# Ceiling Fan with Light kit - Light not working



## lab73 (Jun 16, 2009)

I just have to ask, the lights you have in the fixture, did you try them in another fixture to see if the are good?
Not trying to be a smart a$$, but best to check all variables.
Regards
Lab


----------



## aadams (Jun 16, 2009)

I did. I've actually tried several different ones just to be anal.


----------



## aadams (Jun 16, 2009)

I have also tested the light socket for juice and even when the switch and pull chain are on there's no power to the light bulbs (but there is to the pull chain switch). BTW, I'm using a no contact type tester.


----------



## lab73 (Jun 16, 2009)

Not sure how easily this can be done, but try ringing out the wires, BUT REMOVE POWER from the fixture!!!!, Find the wires that go to the lights, if those light wires go through the box you indicated, take apart the box and try connecting the wires direct, (bypasing the box).
This can be done with any cheapo meter.
Regards
Lab


----------



## aadams (Jun 16, 2009)

thanks. any idea what that box is for?


----------



## rjniles (Feb 5, 2007)

aadams said:


> Another "ceiling fan light doesn't work" post.
> 
> Odd thing to note, the blue and white wires for the light kit go into some sort of box inside the fan, and from there go to the pull chain switch. When I have the wall switch on the wires are hot between that box and the pull chain, however, when I pull the chain the wires between the box and the pull chain switch go cold. The pull chain switch has two black wires; 1 comes in from that box, the other goes out to a pigtail that then feeds all four lights, which are never hot whether the switch is on or off.
> 
> Any suggestions are appreciated.


I would cut the switch out and spice the 2 black wires from the switch together. You do not need the pull switch as you have the wall switch.


----------



## HouseHelper (Mar 20, 2007)

Based on what tests you have done so far, I would suspect the light wiring in the fan is at fault. Take it back to Lowes and get another one.


----------



## theatretch85 (May 17, 2008)

Since the op is using a "non-contact" tester, its very possible that there is really no power to the wires and the tester is simply picking up induced voltage from the other wires. 

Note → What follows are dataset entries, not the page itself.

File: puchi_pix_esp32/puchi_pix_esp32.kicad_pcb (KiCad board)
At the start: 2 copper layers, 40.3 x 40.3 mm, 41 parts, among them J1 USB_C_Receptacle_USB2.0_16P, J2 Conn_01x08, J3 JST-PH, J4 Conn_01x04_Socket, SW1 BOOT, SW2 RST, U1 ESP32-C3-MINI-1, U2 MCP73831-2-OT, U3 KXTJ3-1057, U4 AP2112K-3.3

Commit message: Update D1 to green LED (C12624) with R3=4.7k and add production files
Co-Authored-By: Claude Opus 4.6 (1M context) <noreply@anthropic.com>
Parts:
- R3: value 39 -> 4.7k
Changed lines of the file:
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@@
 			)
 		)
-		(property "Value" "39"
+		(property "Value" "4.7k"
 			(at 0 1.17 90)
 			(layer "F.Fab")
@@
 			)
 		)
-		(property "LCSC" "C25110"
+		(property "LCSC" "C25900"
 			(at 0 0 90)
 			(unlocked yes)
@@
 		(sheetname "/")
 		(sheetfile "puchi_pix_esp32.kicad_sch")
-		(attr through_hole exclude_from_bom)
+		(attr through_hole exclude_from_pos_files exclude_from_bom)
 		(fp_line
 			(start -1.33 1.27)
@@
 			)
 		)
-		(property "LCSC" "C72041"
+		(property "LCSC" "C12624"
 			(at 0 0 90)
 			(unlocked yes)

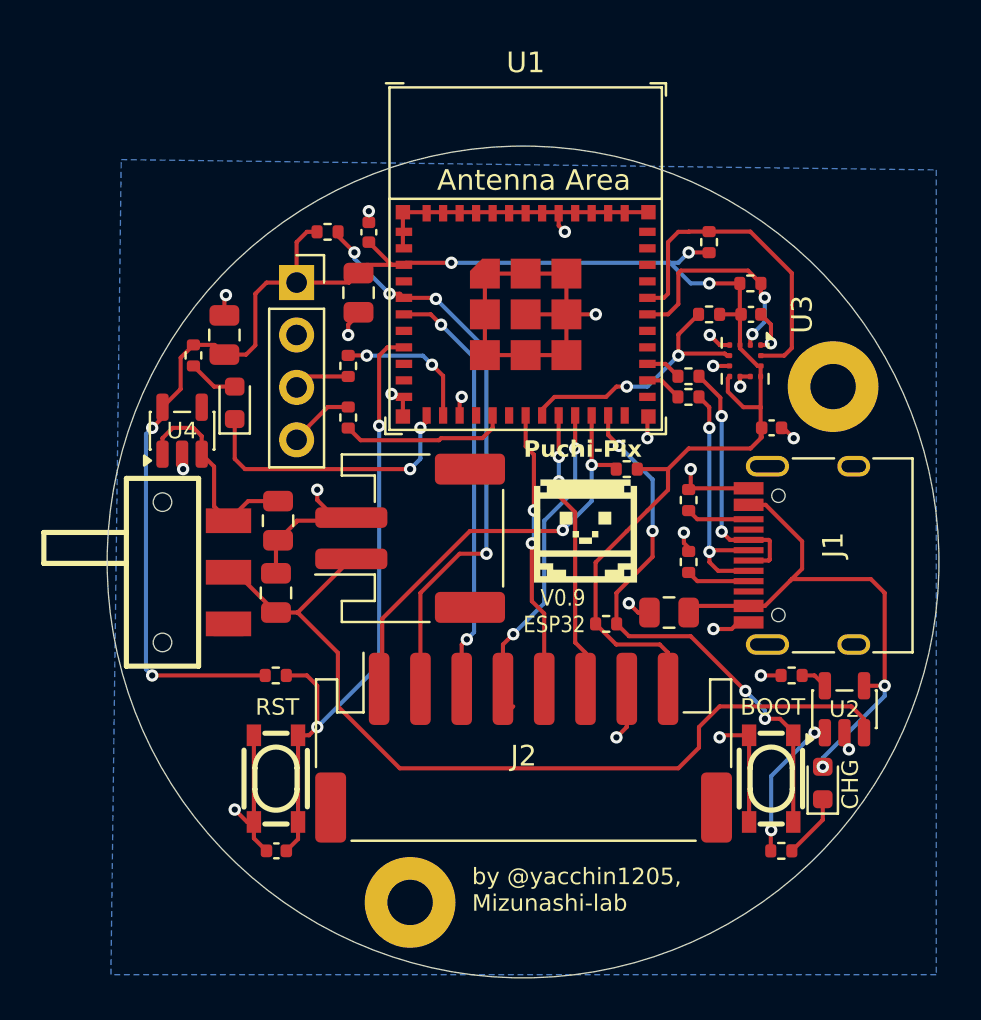
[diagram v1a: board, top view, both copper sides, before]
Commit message: Finalize puchi_pix/esp32 layout and regenerate JLCPCB production files (puchi_pix V0_95)
Co-Authored-By: Claude Opus 4.8 (1M context) <noreply@anthropic.com>
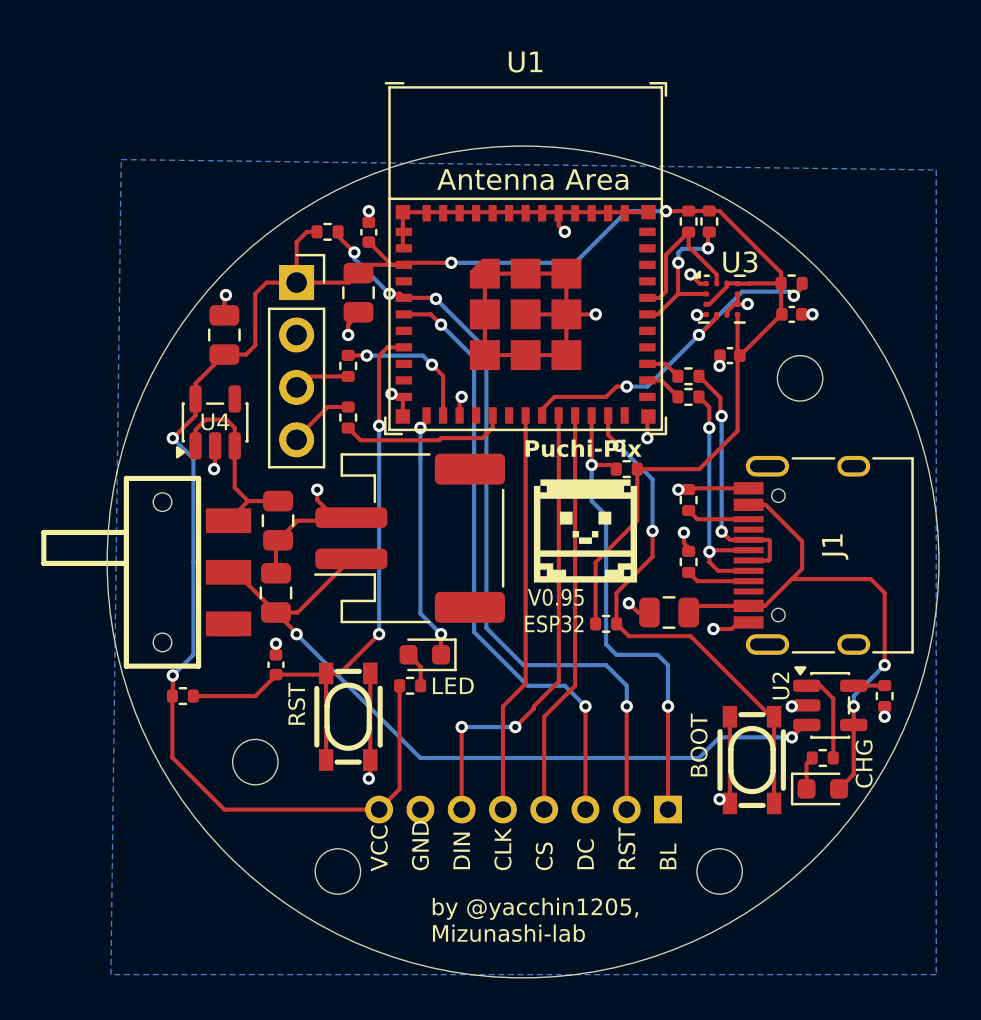
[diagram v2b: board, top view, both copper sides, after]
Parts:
- removed the REF** at (89.0, 94.5)
- removed the REF** at (109.5, 69.5)
- added REF**: MountingHole_2.2mm_M2, MountingHole:MountingHole_2.2mm_M2, F.Cu at (104.0, 93.0)
- added REF**: MountingHole_2.2mm_M2, MountingHole:MountingHole_2.2mm_M2, F.Cu at (107.9, 69.1)
- added REF**: MountingHole_2.2mm_M2, MountingHole:MountingHole_2.2mm_M2, F.Cu at (81.5, 87.7)
- added REF**: MountingHole_2.2mm_M2, MountingHole:MountingHole_2.2mm_M2, F.Cu at (85.5, 93.0)
- J2: value Conn_01x08 -> Conn_01x08_Socket; footprint Connector_JST:JST_PH_S8B-PH-SM4-TB_1x08-1MP_P2.00mm_Horizontal -> Connector_PinSocket_2.00mm:PinSocket_1x08_P2.00mm_Vertical; moved to B.Cu
- moved R3 19.1 mm to (89.0, 84.0), turned to 180 degrees
- moved D1 15.3 mm to (89.7, 82.5), turned to 180 degrees
- moved C1 9.02 mm to (82.5, 83.0), turned to 90 degrees
- moved J2 7.62 mm to (101.5, 90.0), turned to 90 degrees
- moved R11 4.93 mm to (109.0, 87.5), turned to 180 degrees
- moved R10 4.62 mm to (112.0, 84.5), turned to -90 degrees
- moved R2 4.61 mm to (78.0, 84.5)
- moved SW2 4.61 mm to (86.0, 85.5), turned to 90 degrees
- moved R16 4.27 mm to (107.5, 64.5), turned to 180 degrees
- moved C9 4.04 mm to (104.5, 68.0), turned to 180 degrees
- moved R13 3.60 mm to (103.5, 61.5), turned to -90 degrees
- moved U3 3.19 mm to (104.1, 65.3), turned to 0 degrees
- moved C8 1.98 mm to (107.5, 66.0)
- moved U4 1.65 mm to (79.5, 71.2)
- moved R12 1.41 mm to (102.5, 61.5), turned to -90 degrees
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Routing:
- net /DC: track 20.3 -> 29.7 mm
- net +3.3V: track 96.2 -> 105.4 mm, vias 5 -> 4
- net /RST: track 28.4 -> 37.5 mm
- net /DIN: track 13.8 -> 22.8 mm
- net Net-(U1-GPIO21/U0TXD): track 15.9 -> 7.42 mm
- net GND: track 80.9 -> 74.2 mm
- net Net-(J3-Pin_1): track 42.7 -> 37.2 mm, vias 0 -> 2
- net /CLK: track 13.7 -> 19.1 mm, vias 2 -> 0
- net /CS: track 15.2 -> 19.9 mm, vias 2 -> 0
- net Net-(U1-GPIO5/ADC2_CH0): track 12.9 -> 17.1 mm, vias 2 -> 3
- net Net-(U1-GPIO20/U0RXD): track 10.9 -> 7.57 mm
- net Net-(U2-STAT): track 6.60 -> 4.42 mm, vias 2 -> 0
- net Net-(U1-EN/CHIP_PU): track 31.2 -> 29.3 mm
- net Net-(D1-K): track 13.7 -> 12.2 mm
- net Net-(CHG1-K): track 3.12 -> 1.61 mm
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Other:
- board text added: "BL"
- board text added: "CLK"
- board text added: "CS"
- board text added: "DC"
- board text added: "DIN"
- board text added: "LED"
- board text added: "V0.95 ESP32"
- board text added: "VCC"
- board text removed: "V0.9 ESP32"
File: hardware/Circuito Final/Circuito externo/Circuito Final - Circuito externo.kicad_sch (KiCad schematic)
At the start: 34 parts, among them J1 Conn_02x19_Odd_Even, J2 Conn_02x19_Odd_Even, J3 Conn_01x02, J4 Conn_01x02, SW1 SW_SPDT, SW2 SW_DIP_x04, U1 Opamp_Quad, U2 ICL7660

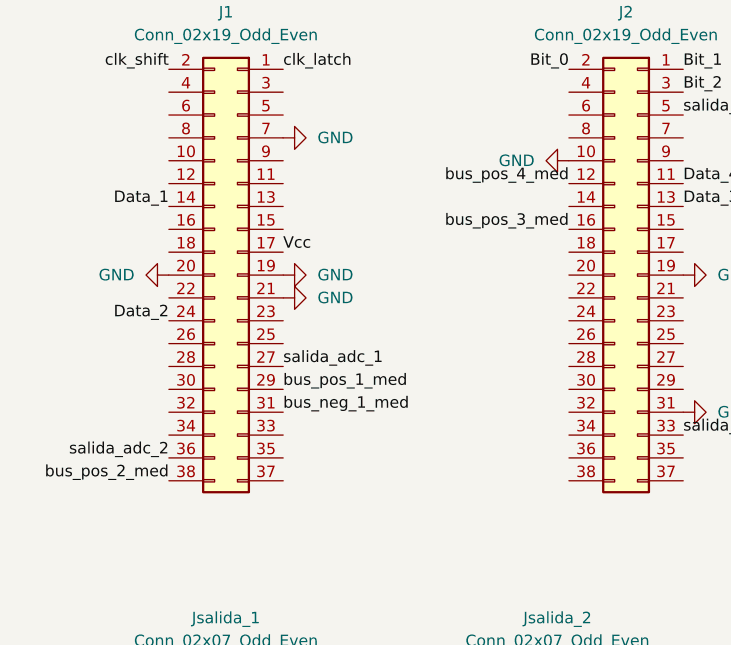
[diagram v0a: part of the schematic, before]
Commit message: update de esquemático y PCB del circuito externo
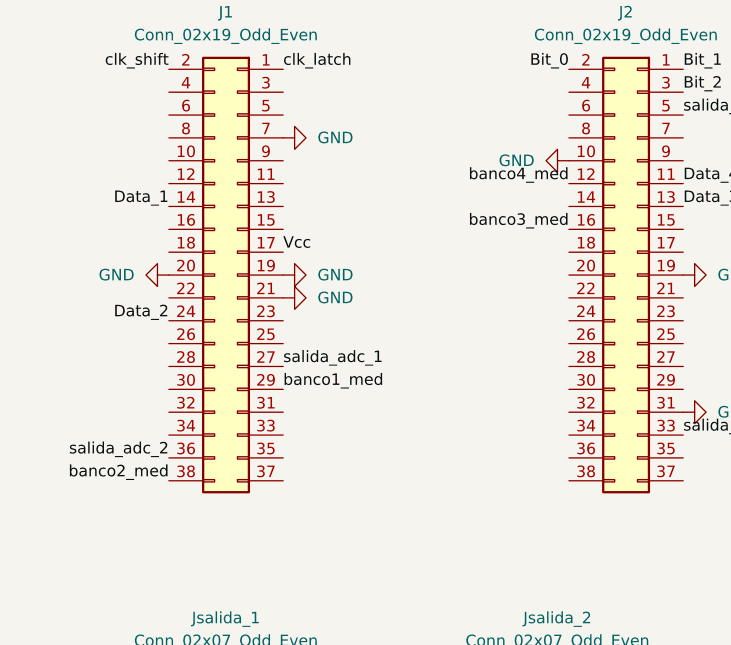
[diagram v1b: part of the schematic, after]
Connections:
- net bus_pos_1_med is gone; now on net banco1_med: J1.29 (Pin_29)
- net bus_pos_2_med is gone; now on net banco2_med: J1.38 (Pin_38)
- net bus_pos_3_med is gone; now on net banco3_med: J2.16 (Pin_16)
- net bus_pos_4_med is gone; now on net banco4_med: J2.12 (Pin_12)
- net bus_neg_1_med: no longer names the net of J1.31 (Pin_31)
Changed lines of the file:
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@@
+		)
+	)
+	(label "banco1_med"
+		(at 43.18 107.95 0)
+		(effects
+			(font
+				(size 1.27 1.27)
+			)
+			(justify left bottom)
 		)
 	)
@@
 		)
 	)
-	(label "bus_pos_1_med"
-		(at 43.18 107.95 0)
-		(effects
-			(font
-				(size 1.27 1.27)
-			)
-			(justify left bottom)
-		)
-	)
 	(label "bus_pos_3"
 		(at 161.29 113.03 180)
@@
 		)
 	)
+	(label "banco3_med"
+		(at 74.93 90.17 180)
+		(effects
+			(font
+				(size 1.27 1.27)
+			)
+			(justify right bottom)
+		)
+	)
 	(label "clk_shift"
 		(at 30.48 72.39 180)
@@
 		)
 	)
-	(label "bus_pos_4_med"
-		(at 74.93 85.09 180)
+	(label "banco2_med"
+		(at 30.48 118.11 180)
 		(effects
 			(font
@@
 		)
 	)
+	(label "banco4_med"
+		(at 74.93 85.09 180)
+		(effects
+			(font
+				(size 1.27 1.27)
+			)
+			(justify right bottom)
+		)
+	)
 	(label "bus_pos_3"
 		(at 104.14 144.78 180)
@@
 		)
 	)
-	(label "bus_pos_3_med"
-		(at 74.93 90.17 180)
-		(effects
-			(font
-				(size 1.27 1.27)
-			)
-			(justify right bottom)
-		)
-	)
 	(label "reset"
 		(at 153.67 152.4 0)
@@
 		)
 	)
-	(label "bus_pos_2_med"
-		(at 30.48 118.11 180)
-		(effects
-			(font
-				(size 1.27 1.27)
-			)
-			(justify right bottom)
-		)
-	)
 	(label "bus_pos_3"
 		(at 110.49 121.92 180)
@@
 		(effects
 			(font
-				(size 1.27 1.27)
-			)
-			(justify left bottom)
-		)
-	)
-	(label "bus_neg_1_med"
-		(at 43.18 110.49 0)
-		(effects
-			(font

I would be tempted to just disconnect the light fixture from the fan, and connect it directly to the wiring in the ceiling, bypassing the wiring in the fan completely. Keep working backwards until you get the lights to work. 

Usually the blue wire goes all the way through the fan and directly to the hot wire of the light kit, with no connections to anything else in the fan, the white neutral wire is of course tied to both the fan and the light kit.


----------



## aadams (Jun 16, 2009)

HouseHelper said:


> Based on what tests you have done so far, I would suspect the light wiring in the fan is at fault. Take it back to Lowes and get another one.


I think that's what I'll do. Hopefully that will fix it.



theatretch85 said:


> Since the op is using a "non-contact" tester, its very possible that there is really no power to the wires and the tester is simply picking up induced voltage from the other wires.
> 
> I would be tempted to just disconnect the light fixture from the fan, and connect it directly to the wiring in the ceiling, bypassing the wiring in the fan completely. Keep working backwards until you get the lights to work.
> 
> Usually the blue wire goes all the way through the fan and directly to the hot wire of the light kit, with no connections to anything else in the fan, the white neutral wire is of course tied to both the fan and the light kit.


I thought that too, which is why I connected the house red to the fan black to see and the fan still works so it must be getting power.

Thanks all for your help. I'll take the unit back and see from there. I may take rjniles' advice and bypass at least the pull chain as that will not be needed.


----------



## aadams (Jun 16, 2009)

Thanks for all your help! I took the fan back to Lowes and exchanged for another one (same model) and bingo, it worked!

Now how do I reclaim the lost hairs....


----------



## dj2569 (Dec 16, 2009)

I had the same problem. The little black box you're referring to is a relay. I'm not exactly sure what it does, but I opened mine up and googled the part number inside. I found that the black wire had come loose from the circuit board in the relay, so I resoldered it to the circuit board and then tested it with a multimeter and voila! the circuit was completed and the light works :thumbsup:


----------



## Haggai03 (Nov 3, 2010)

*Harbor Breeze Springdale Lighting Issues*

:thumbsup: Just got two of these bad boys from Lowes on close out @ $30 each and the lights do not work also.

Lighting kit is not the problem :thumbup: - the problem is the lamp assy is not plugged into the wiring inside the lighting unit.

Remove the three screws that hold the four candle lamp units onto the lighting housing...

You will quickly notice the wires on the lamp base are not connected to anything. these wires are white and black with a white male plug on each.

The hard part is locating the blue and white wires with the female side of the plug. They are tied together in a pair by a blue service tag. 

Connect the white wires then the remaining black and blue snuggly into place untill each clicks. Re-assemble the lamp plate to the unit. 

There you go. ! :thumbsup:


----------